Section 5 of Article I of the Bylaws of the Corporation (the “Bylaws”), is hereby amended and restated in its entirety as follows:

 

5. Quorum; Adjournments; Postponement. The holders of stock representing one-third (33.33%) of the voting power of all shares of stock issued and outstanding and entitled to vote, present in person or represented by proxy, shall be requisite for and shall constitute a quorum of all meetings of the stockholders, except as otherwise provided by law, by the Certificate of Incorporation or by these By-laws. In the absence of a quorum, holders of stock representing a majority of the voting power of all shares present in person or represented by proxy at the meeting, or the Chairman of the meeting, may adjourn any meeting of stockholders, annual or special, from time to time, to reconvene at the same or some other place, until a quorum shall be present or represented.

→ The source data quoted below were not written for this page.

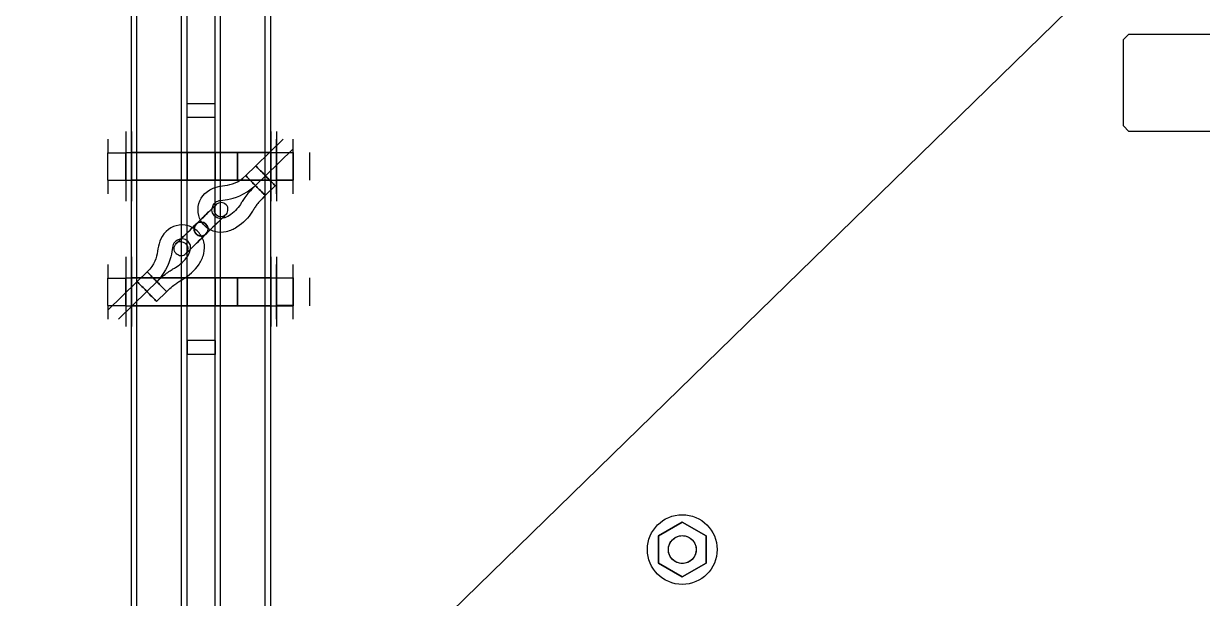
# Model space of a CAD drawing. Extents: x 0 to 2438, y 0 to 2056.
# Drawn here: x 715.5 to 926.7, y 599.9 to 703 of the extents above; entities that cross this region are included whole.
import ezdxf

# ---------------------------------------------------------------- set-up
doc = ezdxf.new("R2010")
doc.units = 0
doc.layers.get('0').update_dxf_attribs({"linetype": 'CONTINUOUS'})

msp = doc.modelspace()

# ---------------------------------------------------------------- linework, layer by layer
at = {"color": 253}
for p, q in [((734.773, 409.631), (734.773, 957.633)), ((735.771, 409.631), (735.771, 957.633)), ((743.772, 409.631), (743.772, 957.633)), ((744.77, 409.631), (744.77, 957.633)), ((749.773, 409.631), (749.773, 957.633)), ((750.771, 409.631), (750.771, 957.633)), ((758.772, 409.631), (758.772, 957.633)), ((759.77, 409.631), (759.77, 957.633)), ((377.575, 192.845), (1132.58, 929.869)), ((377.575, 192.845), (1108.26, 906.134)), ((377.575, 192.845), (1108.26, 906.134)), ((913.574, 701.132), (912.576, 700.133)), ((913.574, 701.132), (912.576, 700.133)), ((912.576, 684.632), (912.576, 700.133)), ((912.576, 684.632), (912.576, 700.133)), ((913.574, 701.132), (1026.58, 701.132)), ((913.574, 701.132), (1026.58, 701.132)), ((744.77, 686.135), (744.77, 688.633)), ((744.77, 686.135), (744.77, 688.633)), ((749.773, 688.633), (744.77, 688.633)), ((749.773, 686.135), (749.773, 688.633)), ((744.77, 646.134), (744.77, 686.135)), ((749.773, 686.135), (744.77, 686.135)), ((744.77, 646.134), (744.77, 686.135)), ((749.773, 646.134), (749.773, 686.135)), ((913.574, 683.634), (912.576, 684.632)), ((913.574, 683.634), (912.576, 684.632)), ((733.771, 683.634), (733.771, 671.135)), ((734.773, 677.383), (734.773, 683.634)), ((734.773, 683.634), (734.773, 671.135)), ((759.77, 677.383), (759.77, 683.634)), ((759.77, 683.634), (759.77, 671.135)), ((760.772, 683.634), (760.772, 671.135)), ((1026.58, 683.634), (913.574, 683.634)), ((1026.58, 683.634), (913.574, 683.634)), ((730.571, 682.29), (730.571, 679.838)), ((733.771, 682.29), (733.771, 679.838)), ((733.771, 682.29), (733.771, 679.838)), ((761.996, 682.29), (757.065, 677.478)), ((758.811, 675.686), (763.771, 680.53)), ((760.772, 679.838), (760.772, 682.29)), ((760.772, 679.838), (760.772, 682.29)), ((763.771, 679.838), (763.771, 682.29)), ((730.571, 674.931), (730.571, 679.838)), ((730.571, 679.838), (733.771, 679.838)), ((733.771, 677.383), (733.771, 679.884)), ((733.771, 679.884), (733.771, 674.882)), ((733.771, 679.838), (733.771, 679.884)), ((733.771, 679.884), (733.771, 679.838)), ((733.771, 679.884), (734.773, 679.884)), ((733.771, 679.884), (753.773, 679.884)), ((733.771, 679.838), (733.771, 679.027)), ((733.771, 679.027), (733.771, 679.838)), ((733.771, 674.931), (733.771, 679.838)), ((733.771, 674.931), (733.771, 679.838)), ((733.771, 679.027), (733.771, 678.198)), ((733.771, 678.198), (733.771, 679.027)), ((734.773, 677.383), (734.773, 679.884)), ((734.773, 679.884), (734.773, 674.882)), ((734.773, 677.383), (734.773, 679.884)), ((734.773, 679.884), (734.773, 674.882)), ((744.77, 679.884), (734.773, 679.884)), ((744.77, 677.383), (744.77, 679.884)), ((744.77, 679.884), (744.77, 674.882)), ((744.77, 677.383), (744.77, 679.884)), ((744.77, 679.884), (744.77, 674.882)), ((749.773, 679.884), (744.77, 679.884)), ((749.773, 677.383), (749.773, 679.884)), ((749.773, 679.884), (749.773, 674.882)), ((749.773, 677.383), (749.773, 679.884)), ((749.773, 679.884), (749.773, 674.882)), ((759.77, 679.884), (749.773, 679.884)), ((753.773, 674.882), (753.773, 679.884)), ((753.773, 679.884), (753.773, 677.383)), ((753.773, 679.884), (763.771, 679.884)), ((759.77, 677.383), (759.77, 679.884)), ((759.77, 679.884), (759.77, 674.882)), ((759.77, 677.383), (759.77, 679.884)), ((759.77, 679.884), (759.77, 674.882)), ((759.77, 679.884), (760.772, 679.884)), ((760.772, 677.383), (760.772, 679.884)), ((760.772, 679.884), (760.772, 674.882)), ((760.772, 677.383), (760.772, 679.884)), ((760.772, 679.884), (760.772, 674.882)), ((760.772, 679.884), (763.771, 679.884)), ((760.772, 679.838), (760.772, 674.931)), ((763.771, 679.838), (760.772, 679.838)), ((760.772, 679.838), (760.772, 674.931)), ((763.771, 677.383), (763.771, 679.884)), ((763.771, 679.884), (763.771, 674.882)), ((763.771, 679.838), (763.771, 674.931)), ((766.77, 674.882), (766.77, 679.884)), ((733.771, 678.198), (733.771, 677.383)), ((733.771, 676.571), (733.771, 678.198)), ((733.771, 674.882), (733.771, 677.383)), ((733.771, 677.383), (733.771, 676.571)), ((733.771, 675.742), (733.771, 676.571)), ((733.771, 676.571), (733.771, 675.742)), ((734.773, 671.135), (734.773, 677.383)), ((734.773, 674.882), (734.773, 677.383)), ((734.773, 674.882), (734.773, 677.383)), ((744.77, 674.882), (744.77, 677.383)), ((744.77, 674.882), (744.77, 677.383)), ((749.773, 674.882), (749.773, 677.383)), ((749.773, 674.882), (749.773, 677.383)), ((753.773, 677.383), (753.773, 674.882)), ((755.276, 675.728), (757.065, 677.478)), ((757.065, 677.478), (757.086, 677.453)), ((757.086, 677.453), (757.065, 677.478)), ((757.086, 677.453), (757.065, 677.478)), ((757.065, 677.478), (757.086, 677.453)), ((757.086, 677.453), (757.149, 677.386)), ((757.149, 677.386), (757.086, 677.453)), ((757.149, 677.386), (757.086, 677.453)), ((757.086, 677.453), (757.149, 677.386)), ((757.149, 677.386), (757.255, 677.28)), ((757.255, 677.28), (757.149, 677.386)), ((757.255, 677.28), (757.149, 677.386)), ((757.149, 677.386), (757.255, 677.28)), ((757.255, 677.28), (757.393, 677.139)), ((757.393, 677.139), (757.255, 677.28)), ((757.393, 677.139), (757.255, 677.28)), ((757.255, 677.28), (757.393, 677.139)), ((757.393, 677.139), (757.558, 676.97)), ((757.558, 676.97), (757.393, 677.139)), ((757.558, 676.97), (757.393, 677.139)), ((757.393, 677.139), (757.558, 676.97)), ((757.558, 676.97), (757.742, 676.779)), ((757.742, 676.779), (757.558, 676.97)), ((757.742, 676.779), (757.558, 676.97)), ((757.558, 676.97), (757.742, 676.779)), ((757.742, 676.779), (757.936, 676.582)), ((757.936, 676.582), (757.742, 676.779)), ((757.936, 676.582), (757.742, 676.779)), ((757.742, 676.779), (757.936, 676.582)), ((757.936, 676.582), (758.134, 676.381)), ((758.134, 676.381), (757.936, 676.582)), ((758.134, 676.381), (757.936, 676.582)), ((757.936, 676.582), (758.134, 676.381)), ((758.134, 676.381), (758.317, 676.194)), ((758.317, 676.194), (758.134, 676.381)), ((758.317, 676.194), (758.134, 676.381)), ((758.134, 676.381), (758.317, 676.194)), ((758.317, 676.194), (758.483, 676.025)), ((758.483, 676.025), (758.317, 676.194)), ((758.483, 676.025), (758.317, 676.194)), ((758.317, 676.194), (758.483, 676.025)), ((759.77, 671.135), (759.77, 677.383)), ((759.77, 674.882), (759.77, 677.383)), ((759.77, 674.882), (759.77, 677.383)), ((760.772, 674.882), (760.772, 677.383)), ((760.772, 674.882), (760.772, 677.383)), ((763.771, 674.882), (763.771, 677.383)), ((730.571, 674.931), (730.571, 672.476)), ((730.571, 674.931), (733.771, 674.931)), ((733.771, 674.931), (733.771, 675.742)), ((733.771, 675.742), (733.771, 674.931)), ((733.771, 674.931), (733.771, 674.882)), ((733.771, 674.882), (733.771, 674.931)), ((733.771, 674.931), (733.771, 672.476)), ((733.771, 674.931), (733.771, 672.476)), ((733.771, 674.882), (734.773, 674.882)), ((733.771, 674.882), (753.773, 674.882)), ((744.77, 674.882), (734.773, 674.882)), ((749.773, 674.882), (744.77, 674.882)), ((759.77, 674.882), (749.773, 674.882)), ((753.773, 674.882), (763.771, 674.882)), ((758.811, 675.686), (757.022, 673.94)), ((757.022, 673.94), (758.811, 675.686)), ((758.483, 676.025), (758.62, 675.883)), ((758.62, 675.883), (758.483, 676.025)), ((758.62, 675.883), (758.483, 676.025)), ((758.483, 676.025), (758.62, 675.883)), ((758.62, 675.883), (758.723, 675.774)), ((758.723, 675.774), (758.62, 675.883)), ((758.723, 675.774), (758.62, 675.883)), ((758.62, 675.883), (758.723, 675.774)), ((758.723, 675.774), (758.79, 675.707)), ((758.79, 675.707), (758.723, 675.774)), ((758.79, 675.707), (758.723, 675.774)), ((758.723, 675.774), (758.79, 675.707)), ((758.79, 675.707), (758.811, 675.686)), ((758.811, 675.686), (758.79, 675.707)), ((758.811, 675.686), (758.79, 675.707)), ((758.79, 675.707), (758.811, 675.686)), ((758.832, 675.665), (758.811, 675.686)), ((758.811, 675.686), (758.832, 675.665)), ((758.896, 675.598), (758.832, 675.665)), ((758.832, 675.665), (758.896, 675.598)), ((759.001, 675.492), (758.896, 675.598)), ((758.896, 675.598), (759.001, 675.492)), ((759.139, 675.351), (759.001, 675.492)), ((759.001, 675.492), (759.139, 675.351)), ((759.305, 675.178), (759.139, 675.351)), ((759.139, 675.351), (759.305, 675.178)), ((759.492, 674.991), (759.305, 675.178)), ((759.305, 675.178), (759.492, 674.991)), ((759.682, 674.793), (759.492, 674.991)), ((759.492, 674.991), (759.682, 674.793)), ((759.876, 674.592), (759.682, 674.793)), ((759.682, 674.793), (759.876, 674.592)), ((759.77, 674.882), (760.772, 674.882)), ((760.063, 674.405), (759.876, 674.592)), ((759.876, 674.592), (760.063, 674.405)), ((760.229, 674.236), (760.063, 674.405)), ((760.063, 674.405), (760.229, 674.236)), ((760.367, 674.095), (760.229, 674.236)), ((760.229, 674.236), (760.367, 674.095)), ((760.472, 673.985), (760.367, 674.095)), ((760.367, 674.095), (760.472, 673.985)), ((763.771, 674.931), (760.772, 674.931)), ((760.772, 672.476), (760.772, 674.931)), ((760.772, 672.476), (760.772, 674.931)), ((760.772, 674.882), (763.771, 674.882)), ((763.771, 672.476), (763.771, 674.931)), ((757.043, 673.918), (757.022, 673.94)), ((757.022, 673.94), (757.043, 673.918)), ((757.107, 673.851), (757.043, 673.918)), ((757.043, 673.918), (757.107, 673.851)), ((757.213, 673.746), (757.107, 673.851)), ((757.107, 673.851), (757.213, 673.746)), ((757.35, 673.604), (757.213, 673.746)), ((757.213, 673.746), (757.35, 673.604)), ((757.516, 673.435), (757.35, 673.604)), ((757.35, 673.604), (757.516, 673.435)), ((757.7, 673.245), (757.516, 673.435)), ((757.516, 673.435), (757.7, 673.245)), ((757.894, 673.047), (757.7, 673.245)), ((757.7, 673.245), (757.894, 673.047)), ((758.088, 672.846), (757.894, 673.047)), ((757.894, 673.047), (758.088, 672.846)), ((758.275, 672.659), (758.088, 672.846)), ((758.088, 672.846), (758.275, 672.659)), ((758.44, 672.49), (758.275, 672.659)), ((758.275, 672.659), (758.44, 672.49)), ((758.578, 672.349), (758.44, 672.49)), ((758.44, 672.49), (758.578, 672.349)), ((758.68, 672.239), (758.578, 672.349)), ((758.578, 672.349), (758.68, 672.239)), ((758.747, 672.176), (758.68, 672.239)), ((758.68, 672.239), (758.747, 672.176)), ((758.769, 672.151), (758.747, 672.176)), ((758.747, 672.176), (758.769, 672.151)), ((760.557, 673.897), (758.769, 672.151)), ((760.536, 673.918), (760.472, 673.985)), ((760.472, 673.985), (760.536, 673.918)), ((760.557, 673.897), (760.536, 673.918)), ((760.536, 673.918), (760.557, 673.897)), ((748.168, 667.008), (748.168, 667.008)), ((730.571, 659.79), (730.571, 657.338)), ((733.771, 661.134), (733.771, 648.631)), ((733.771, 659.79), (733.771, 657.338)), ((733.771, 659.79), (733.771, 657.338)), ((734.773, 654.883), (734.773, 661.134)), ((734.773, 661.134), (734.773, 648.631)), ((759.77, 654.883), (759.77, 661.134)), ((759.77, 661.134), (759.77, 648.631)), ((760.772, 661.134), (760.772, 648.631)), ((760.772, 657.338), (760.772, 659.79)), ((760.772, 657.338), (760.772, 659.79)), ((763.771, 657.338), (763.771, 659.79)), ((730.571, 652.431), (730.571, 657.338)), ((730.571, 657.338), (733.771, 657.338)), ((733.771, 654.883), (733.771, 657.384)), ((733.771, 657.384), (733.771, 652.381)), ((733.771, 657.338), (733.771, 657.384)), ((733.771, 657.384), (733.771, 657.338)), ((733.771, 657.384), (734.773, 657.384)), ((733.771, 657.384), (753.773, 657.384)), ((733.771, 657.338), (733.771, 656.527)), ((733.771, 656.527), (733.771, 657.338)), ((733.771, 652.431), (733.771, 657.338)), ((733.771, 652.431), (733.771, 657.338)), ((734.773, 654.883), (734.773, 657.384)), ((734.773, 657.384), (734.773, 652.381)), ((734.773, 654.883), (734.773, 657.384)), ((734.773, 657.384), (734.773, 652.381)), ((744.77, 657.384), (734.773, 657.384)), ((737.598, 658.47), (735.806, 656.724)), ((744.77, 654.883), (744.77, 657.384)), ((744.77, 657.384), (744.77, 652.381)), ((744.77, 654.883), (744.77, 657.384)), ((744.77, 657.384), (744.77, 652.381)), ((749.773, 657.384), (744.77, 657.384)), ((749.773, 654.883), (749.773, 657.384)), ((749.773, 657.384), (749.773, 652.381)), ((749.773, 654.883), (749.773, 657.384)), ((749.773, 657.384), (749.773, 652.381)), ((759.77, 657.384), (749.773, 657.384)), ((753.773, 652.381), (753.773, 657.384)), ((753.773, 657.384), (753.773, 654.883)), ((753.773, 657.384), (763.771, 657.384)), ((759.77, 654.883), (759.77, 657.384)), ((759.77, 657.384), (759.77, 652.381)), ((759.77, 654.883), (759.77, 657.384)), ((759.77, 657.384), (759.77, 652.381)), ((759.77, 657.384), (760.772, 657.384)), ((760.772, 654.883), (760.772, 657.384)), ((760.772, 657.384), (760.772, 652.381)), ((760.772, 654.883), (760.772, 657.384)), ((760.772, 657.384), (760.772, 652.381)), ((760.772, 657.384), (763.771, 657.384)), ((760.772, 657.338), (760.772, 652.431)), ((763.771, 657.338), (760.772, 657.338)), ((760.772, 657.338), (760.772, 652.431)), ((763.771, 654.883), (763.771, 657.384)), ((763.771, 657.384), (763.771, 652.381)), ((763.771, 657.338), (763.771, 652.431)), ((766.77, 652.381), (766.77, 657.384)), ((735.806, 656.724), (730.571, 651.612)), ((733.771, 656.527), (733.771, 655.694)), ((733.771, 655.694), (733.771, 656.527)), ((733.771, 655.694), (733.771, 654.883)), ((733.771, 654.071), (733.771, 655.694)), ((735.806, 656.724), (735.831, 656.703)), ((735.831, 656.703), (735.806, 656.724)), ((735.831, 656.703), (735.806, 656.724)), ((735.806, 656.724), (735.831, 656.703)), ((735.831, 656.703), (735.894, 656.636)), ((735.894, 656.636), (735.831, 656.703)), ((735.894, 656.636), (735.831, 656.703)), ((735.831, 656.703), (735.894, 656.636)), ((735.894, 656.636), (736, 656.53)), ((736, 656.53), (735.894, 656.636)), ((736, 656.53), (735.894, 656.636)), ((735.894, 656.636), (736, 656.53)), ((736, 656.53), (736.138, 656.389)), ((736.138, 656.389), (736, 656.53)), ((736.138, 656.389), (736, 656.53)), ((736, 656.53), (736.138, 656.389)), ((736.138, 656.389), (736.304, 656.216)), ((736.304, 656.216), (736.138, 656.389)), ((736.304, 656.216), (736.138, 656.389)), ((736.138, 656.389), (736.304, 656.216)), ((736.304, 656.216), (736.487, 656.029)), ((736.487, 656.029), (736.304, 656.216)), ((736.487, 656.029), (736.304, 656.216)), ((736.304, 656.216), (736.487, 656.029)), ((736.487, 656.029), (736.681, 655.832)), ((736.681, 655.832), (736.487, 656.029)), ((736.681, 655.832), (736.487, 656.029)), ((736.487, 656.029), (736.681, 655.832)), ((736.681, 655.832), (736.875, 655.63)), ((736.875, 655.63), (736.681, 655.832)), ((736.875, 655.63), (736.681, 655.832)), ((736.681, 655.832), (736.875, 655.63)), ((736.875, 655.63), (737.059, 655.443)), ((737.059, 655.443), (736.875, 655.63)), ((737.059, 655.443), (736.875, 655.63)), ((736.875, 655.63), (737.059, 655.443)), ((737.059, 655.443), (737.224, 655.271)), ((737.224, 655.271), (737.059, 655.443)), ((737.224, 655.271), (737.059, 655.443)), ((737.059, 655.443), (737.224, 655.271)), ((737.224, 655.271), (737.362, 655.13)), ((737.362, 655.13), (737.224, 655.271)), ((737.362, 655.13), (737.224, 655.271)), ((737.224, 655.271), (737.362, 655.13)), ((737.362, 655.13), (737.468, 655.024)), ((737.468, 655.024), (737.362, 655.13)), ((737.468, 655.024), (737.362, 655.13)), ((737.362, 655.13), (737.468, 655.024)), ((737.468, 655.024), (737.531, 654.957)), ((737.531, 654.957), (737.468, 655.024)), ((737.531, 654.957), (737.468, 655.024)), ((737.468, 655.024), (737.531, 654.957)), ((737.552, 654.935), (739.345, 656.682)), ((739.345, 656.682), (737.552, 654.935)), ((739.366, 656.661), (739.345, 656.682)), ((739.345, 656.682), (739.366, 656.661)), ((739.429, 656.594), (739.366, 656.661)), ((739.366, 656.661), (739.429, 656.594)), ((739.535, 656.488), (739.429, 656.594)), ((739.429, 656.594), (739.535, 656.488)), ((739.673, 656.343), (739.535, 656.488)), ((739.535, 656.488), (739.673, 656.343)), ((739.838, 656.177), (739.673, 656.343)), ((739.673, 656.343), (739.838, 656.177)), ((740.022, 655.987), (739.838, 656.177)), ((739.838, 656.177), (740.022, 655.987)), ((740.216, 655.789), (740.022, 655.987)), ((740.022, 655.987), (740.216, 655.789)), ((740.41, 655.588), (740.216, 655.789)), ((740.216, 655.789), (740.41, 655.588)), ((740.593, 655.398), (740.41, 655.588)), ((740.41, 655.588), (740.593, 655.398)), ((740.763, 655.228), (740.593, 655.398)), ((740.593, 655.398), (740.763, 655.228)), ((740.9, 655.087), (740.763, 655.228)), ((740.763, 655.228), (740.9, 655.087)), ((741.003, 654.981), (740.9, 655.087)), ((740.9, 655.087), (741.003, 654.981)), ((732.473, 649.975), (737.552, 654.935)), ((733.771, 652.381), (733.771, 654.883)), ((733.771, 654.883), (733.771, 654.071)), ((733.771, 653.242), (733.771, 654.071)), ((733.771, 654.071), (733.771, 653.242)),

Notice need not be given of any such adjourned meeting if the time and place thereof are announced at the meeting at which the adjournment is taken. Furthermore, after the meeting has been duly organized, the Chairman of the meeting may adjourn any meeting of stockholders, annual or special, from time to time, to reconvene at the same or some other place, and notice need not be given of any such adjourned meeting if the time and place, if any, thereof and the means of remote communications, if any, by which stockholders and proxyholders may be deemed to be present in person and vote at such adjourned meeting are announced at the meeting at which the adjournment is taken; provided, however, that if the adjournment is for more than thirty (30) days, or if after the adjournment a new record date is fixed for the adjourned meeting, a notice of the adjourned meeting shall be given to each stockholder of record entitled to vote at the meeting. At the adjourned meeting the Corporation may transact any business which might have been transacted at the original meeting. Any previously scheduled meeting of stockholders may be postponed by the Board of Directors prior to the date previously scheduled for such meeting and the Corporation shall publicly announce such postponement.”